[ASSIGNMENT] Without the pictures, give every record again exactly.

═══

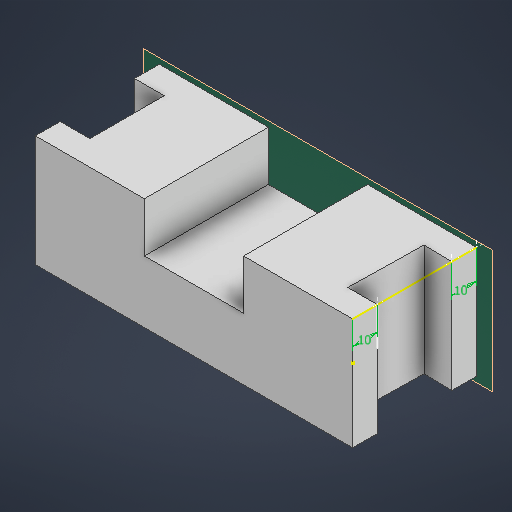
# Autodesk Inventor part: Part10
Saved by Autodesk Inventor 2026.2 (Build 302298000, 298)
## iProperties
Created: 2026-05-04
Part Number: Part10
Material: Generic
Document SubType Name: Modeling
Designer: LENOVO
Density: 1 g/cm^3
Appearance: Default
Author: LENOVO
Autodesk Inventor part; units mm, degrees
ref_plane "YZ Plane" through (0, 0, 0) normal (1, 0, 0) x (0, 1, 0)
ref_plane "XZ Plane" through (0, 0, 0) normal (0, 1, 0) x (-1, 0, 0)
ref_plane "XY Plane" through (0, 0, 0) normal (0, 0, 1) x (1, 0, 0)
sketch "Sketch1" plane through (0, 0, 0) normal (0, 0, 1) x (1, 0, 0)
  line L0 (-52.1514, 15.2486) -> (75.8486, 15.2486)
  line L1 (75.8486, 15.2486) -> (75.8486, -29.7514)
  line L2 (75.8486, -29.7514) -> (-52.1514, -29.7514)
  line L3 (-52.1514, -29.7514) -> (-52.1514, 15.2486)
  point P0 (0, 0)
  dimension "d0" = 128
  dimension "d1" = 128
  dimension "d2" = 45
  constraints: 8 end point, 2 perpendicular, 1 horizontal
  measures "d0" distance of L0.start L0.end
  measures "d1" distance of L1.end L2.end
  measures "d2" distance of L0.end L1.end
extrude "Extrusion1" add sketch "Sketch1" against normal blind 50
ref_plane "Work Plane1" through (0, 0, -50) normal (0, 0, -1) x (-1, 0, 0)
sketch "Sketch2" plane through (0, 0, -50) normal (0, 0, -1) x (-1, 0, 0)
  line L0 (52.1514, 15.2486) -> (-75.8486, 15.2486) projected
  line L1 (-31.8486, 15.2486) -> (-31.8486, -4.7514)
  line L2 (-31.8486, -4.7514) -> (8.1514, -4.7514)
  line L3 (8.1514, -4.7514) -> (8.1514, 15.2486)
  point P0 (0, 0)
  dimension "d6" = 44
  dimension "d7" = 44
  dimension "d8" = 20
  constraints: 6 end point, 2 perpendicular, 2 point on line, 1 coincident, 1 vertical
  measures "d6" distance of point (52.151, 15.249) L3.end
  measures "d7" distance of L0.end L1.start
  measures "d8" distance of L2.end L3.end
extrude "Extrusion2" cut sketch "Sketch2" against normal blind 50
sketch "Sketch3" plane through (75.8486, -29.7514, 0) normal (1, 0, 0) x (0, 0, -1)
  line L0 (0, 45) -> (50, 45) projected
  line L1 (10, 45) -> (10, 29.7514)
  point P0 (0, 29.7514)
  point P1 (40, 45)
  dimension "d11" = 10
  dimension "d12" = 10
  constraints: 2 end point, 2 point on line, 1 coincident, 1 vertical
  measures "d11" distance of L0.start L1.start
  measures "d12" distance of point (50, 45) point (40, 45)
sketch "Sketch4" plane through (75.8486, 15.2486, 0) normal (0, 1, 0) x (1, 0, 0)
  line L0 (0, 0) -> (0, 50) projected
  line L1 (0, 50) -> (-128, 50) projected
  line L2 (0, 10) -> (-12, 10)
  line L3 (-12, 10) -> (-11.4432, 40.2365)
  line L4 (-11.4432, 40.2365) -> (0.5568, 40.0155)
  point P0 (-75.8486, 0)
  point P1 (0, 40.0258)
  dimension "d13" = 10
  dimension "d14" = 10
  dimension "d15" = 12
  dimension "d16" = 12
  constraints: 6 end point, 2 coincident, 1 horizontal, 1 perpendicular, 1 point on line
  measures "d13" distance of L0.start L2.start
  measures "d14" distance of point (0, 50) L4.end
  measures "d15" distance of L2.start L2.end
  measures "d16" horizontal distance of L3.end L4.end
extrude "Extrusion3" cut sketch "Sketch4" against normal blind 50
sketch "Sketch5" plane through (31.8486, 15.2486, 0) normal (0, 1, 0) x (1, 0, 0)
  line L0 (-84, 0) -> (-84, 50) projected
  line L1 (44, 50) -> (-84, 50) projected
  line L2 (-84, 10) -> (-72, 10)
  line L3 (-72, 10) -> (-72, 40)
  line L4 (-72, 40) -> (-84, 40)
  point P0 (-31.8486, 0)
  dimension "d19" = 10
  dimension "d20" = 10
  dimension "d21" = 12
  dimension "d22" = 12
  constraints: 6 end point, 2 perpendicular, 1 coincident, 1 horizontal, 1 point on line
  measures "d19" distance of L0.start L2.start
  measures "d20" distance of point (-84, 50) L4.end
  measures "d21" distance of L2.start L2.end
  measures "d22" distance of L3.end L4.end
extrude "Extrusion4" cut sketch "Sketch5" against normal blind 50
body "Solid1"

═══

[RESPONSE BOX]
# Autodesk Inventor part: Part10
Saved by Autodesk Inventor 2026.2 (Build 302298000, 298)
## iProperties
Created: 2026-05-04
Part Number: Part10
Material: Generic
Document SubType Name: Modeling
Designer: LENOVO
Density: 1 g/cm^3
Appearance: Default
Author: LENOVO
Autodesk Inventor part; units mm, degrees
ref_plane "YZ Plane" through (0, 0, 0) normal (1, 0, 0) x (0, 1, 0)
ref_plane "XZ Plane" through (0, 0, 0) normal (0, 1, 0) x (-1, 0, 0)
ref_plane "XY Plane" through (0, 0, 0) normal (0, 0, 1) x (1, 0, 0)
sketch "Sketch1" plane through (0, 0, 0) normal (0, 0, 1) x (1, 0, 0)
  line L0 (-52.1514, 15.2486) -> (75.8486, 15.2486)
  line L1 (75.8486, 15.2486) -> (75.8486, -29.7514)
  line L2 (75.8486, -29.7514) -> (-52.1514, -29.7514)
  line L3 (-52.1514, -29.7514) -> (-52.1514, 15.2486)
  point P0 (0, 0)
  dimension "d0" = 128
  dimension "d1" = 128
  dimension "d2" = 45
  constraints: 8 end point, 2 perpendicular, 1 horizontal
  measures "d0" distance of L0.start L0.end
  measures "d1" distance of L1.end L2.end
  measures "d2" distance of L0.end L1.end
extrude "Extrusion1" add sketch "Sketch1" against normal blind 50
ref_plane "Work Plane1" through (0, 0, -50) normal (0, 0, -1) x (-1, 0, 0)
sketch "Sketch2" plane through (0, 0, -50) normal (0, 0, -1) x (-1, 0, 0)
  line L0 (52.1514, 15.2486) -> (-75.8486, 15.2486) projected
  line L1 (-31.8486, 15.2486) -> (-31.8486, -4.7514)
  line L2 (-31.8486, -4.7514) -> (8.1514, -4.7514)
  line L3 (8.1514, -4.7514) -> (8.1514, 15.2486)
  point P0 (0, 0)
  dimension "d6" = 44
  dimension "d7" = 44
  dimension "d8" = 20
  constraints: 6 end point, 2 perpendicular, 2 point on line, 1 coincident, 1 vertical
  measures "d6" distance of point (52.151, 15.249) L3.end
  measures "d7" distance of L0.end L1.start
  measures "d8" distance of L2.end L3.end
extrude "Extrusion2" cut sketch "Sketch2" against normal blind 50
sketch "Sketch3" plane through (75.8486, -29.7514, 0) normal (1, 0, 0) x (0, 0, -1)
  line L0 (0, 45) -> (50, 45) projected
  line L1 (10, 45) -> (10, 29.7514)
  point P0 (0, 29.7514)
  point P1 (40, 45)
  dimension "d11" = 10
  dimension "d12" = 10
  constraints: 2 end point, 2 point on line, 1 coincident, 1 vertical
  measures "d11" distance of L0.start L1.start
  measures "d12" distance of point (50, 45) point (40, 45)
sketch "Sketch4" plane through (75.8486, 15.2486, 0) normal (0, 1, 0) x (1, 0, 0)
  line L0 (0, 0) -> (0, 50) projected
  line L1 (0, 50) -> (-128, 50) projected
  line L2 (0, 10) -> (-12, 10)
  line L3 (-12, 10) -> (-11.4432, 40.2365)
  line L4 (-11.4432, 40.2365) -> (0.5568, 40.0155)
  point P0 (-75.8486, 0)
  point P1 (0, 40.0258)
  dimension "d13" = 10
  dimension "d14" = 10
  dimension "d15" = 12
  dimension "d16" = 12
  constraints: 6 end point, 2 coincident, 1 horizontal, 1 perpendicular, 1 point on line
  measures "d13" distance of L0.start L2.start
  measures "d14" distance of point (0, 50) L4.end
  measures "d15" distance of L2.start L2.end
  measures "d16" horizontal distance of L3.end L4.end
extrude "Extrusion3" cut sketch "Sketch4" against normal blind 50
sketch "Sketch5" plane through (31.8486, 15.2486, 0) normal (0, 1, 0) x (1, 0, 0)
  line L0 (-84, 0) -> (-84, 50) projected
  line L1 (44, 50) -> (-84, 50) projected
  line L2 (-84, 10) -> (-72, 10)
  line L3 (-72, 10) -> (-72, 40)
  line L4 (-72, 40) -> (-84, 40)
  point P0 (-31.8486, 0)
  dimension "d19" = 10
  dimension "d20" = 10
  dimension "d21" = 12
  dimension "d22" = 12
  constraints: 6 end point, 2 perpendicular, 1 coincident, 1 horizontal, 1 point on line
  measures "d19" distance of L0.start L2.start
  measures "d20" distance of point (-84, 50) L4.end
  measures "d21" distance of L2.start L2.end
  measures "d22" distance of L3.end L4.end
extrude "Extrusion4" cut sketch "Sketch5" against normal blind 50
body "Solid1"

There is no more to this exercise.